Play your games (as long as they don’t need color)
If you’re wondering if the Palma can serve as a gaming device, it’s another qualified yes. I downloaded a Tetris app, which functioned surprisingly well in Ultrafast mode. The NYT crosswords are a pretty good fit for it, but don’t plan on playing Wordle, as you won’t be able to tell the colored squares apart in grayscale. Though I didn’t try it myself, there are videos online of people trying to play more ambitious fare (like a first-person shooter), and it certainly…is possible, I guess.

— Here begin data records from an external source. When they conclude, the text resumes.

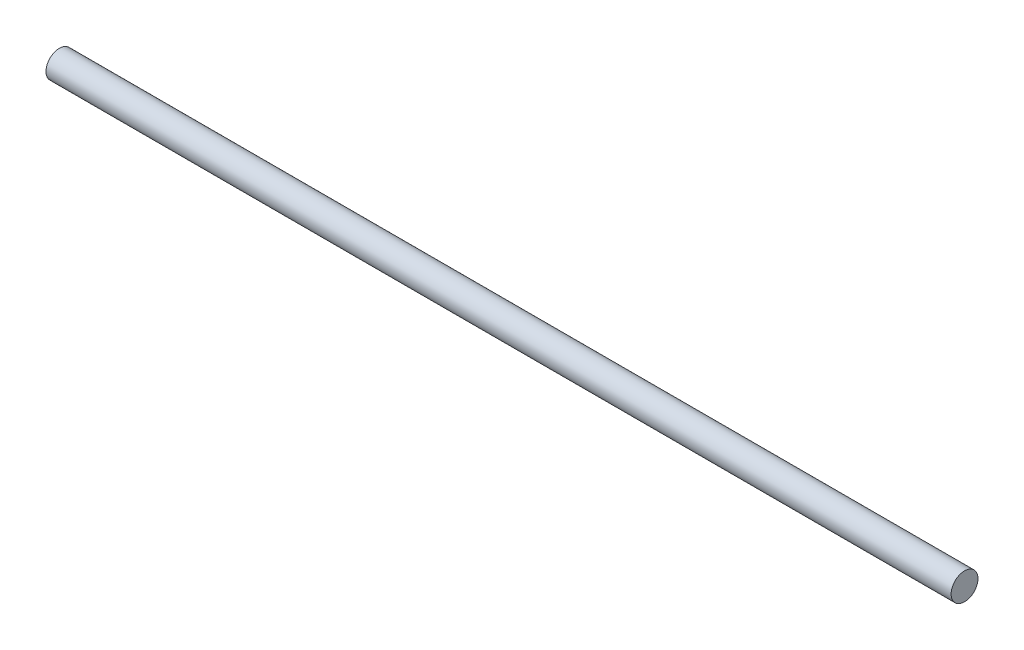
from build123d import *

# Parameters (mm, degrees)
SKETCH1_R           = 2.375
BOSS_EXTRUDE1_DEPTH = 160


with BuildPart() as part:
    # Sketch1 → Boss-Extrude1 (new body)
    with BuildSketch(Plane(origin=(0, 0, 0), x_dir=(0, 0, -1), z_dir=(1, 0, 0))):
        Circle(SKETCH1_R)
    extrude(amount=BOSS_EXTRUDE1_DEPTH)


solid = part.part
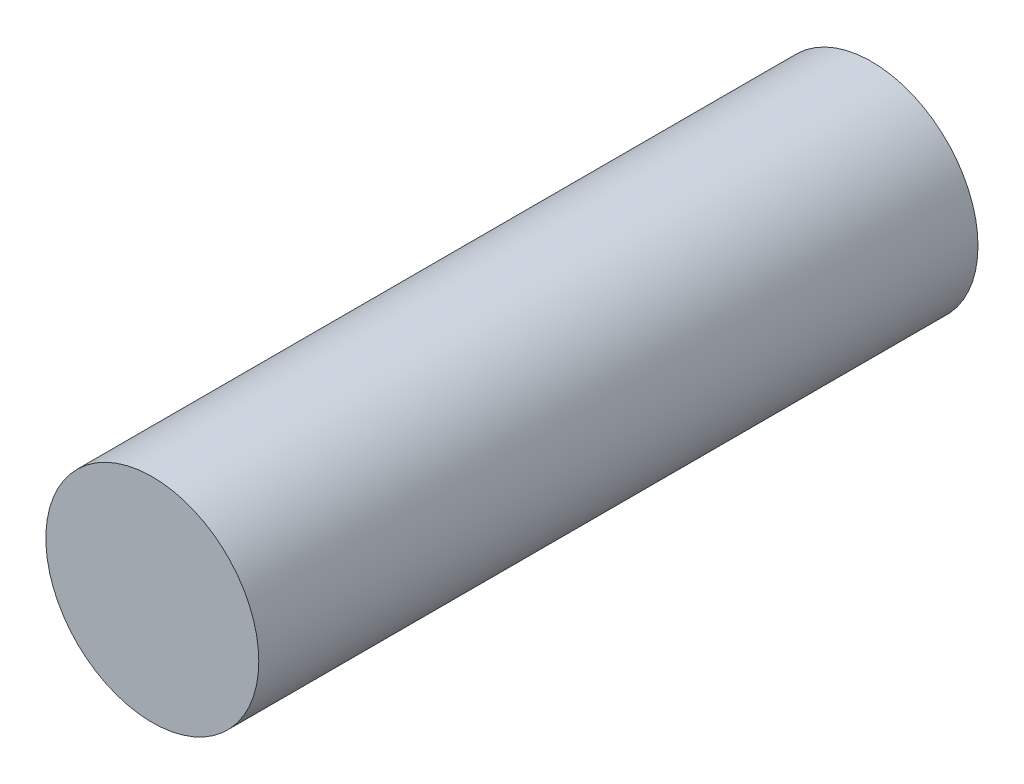
from build123d import *

# Parameters (mm, degrees)
SKETCH1_R           = 4.7752
BOSS_EXTRUDE1_DEPTH = 32.258


with BuildPart() as part:
    # Sketch1 → Boss-Extrude1 (new body)
    with BuildSketch(Plane.XY):
        Circle(SKETCH1_R)
    extrude(amount=BOSS_EXTRUDE1_DEPTH)


solid = part.part

Look, I would never suggest that using any non-reading app on the Palma is a great experience, but they will work, and in a way, their comparable ugliness to how they’d look on a full-color LCD is a boon—as I noted at the start of this review, I’m using the Palma because I want to read more books. If I want to be distracted by an immersive screen experience, my iPhone has me covered.
No SIM support
Though it looks and functions like an Android phone, the Palma can’t replace yours, as it lacks SIM support (as noted though it has a side-loading card tray, it accepts only memory cards up to 1TB). You can use it for phone calls over wifi via a supported app (like Google Voice)—the device has both speakers and a microphone in addition to supporting Bluetooth headphones. It will also run most messaging apps via wifi, though you may need a SIM-less phone number to get them up and running.
The lack of SIM support is hardly a dealbreaker for me, as I wasn’t looking to replace my phone with an e-ink device. (If that’s your goal, look to Hisense, another Chinese company that makes a number of e-ink mobile devices.)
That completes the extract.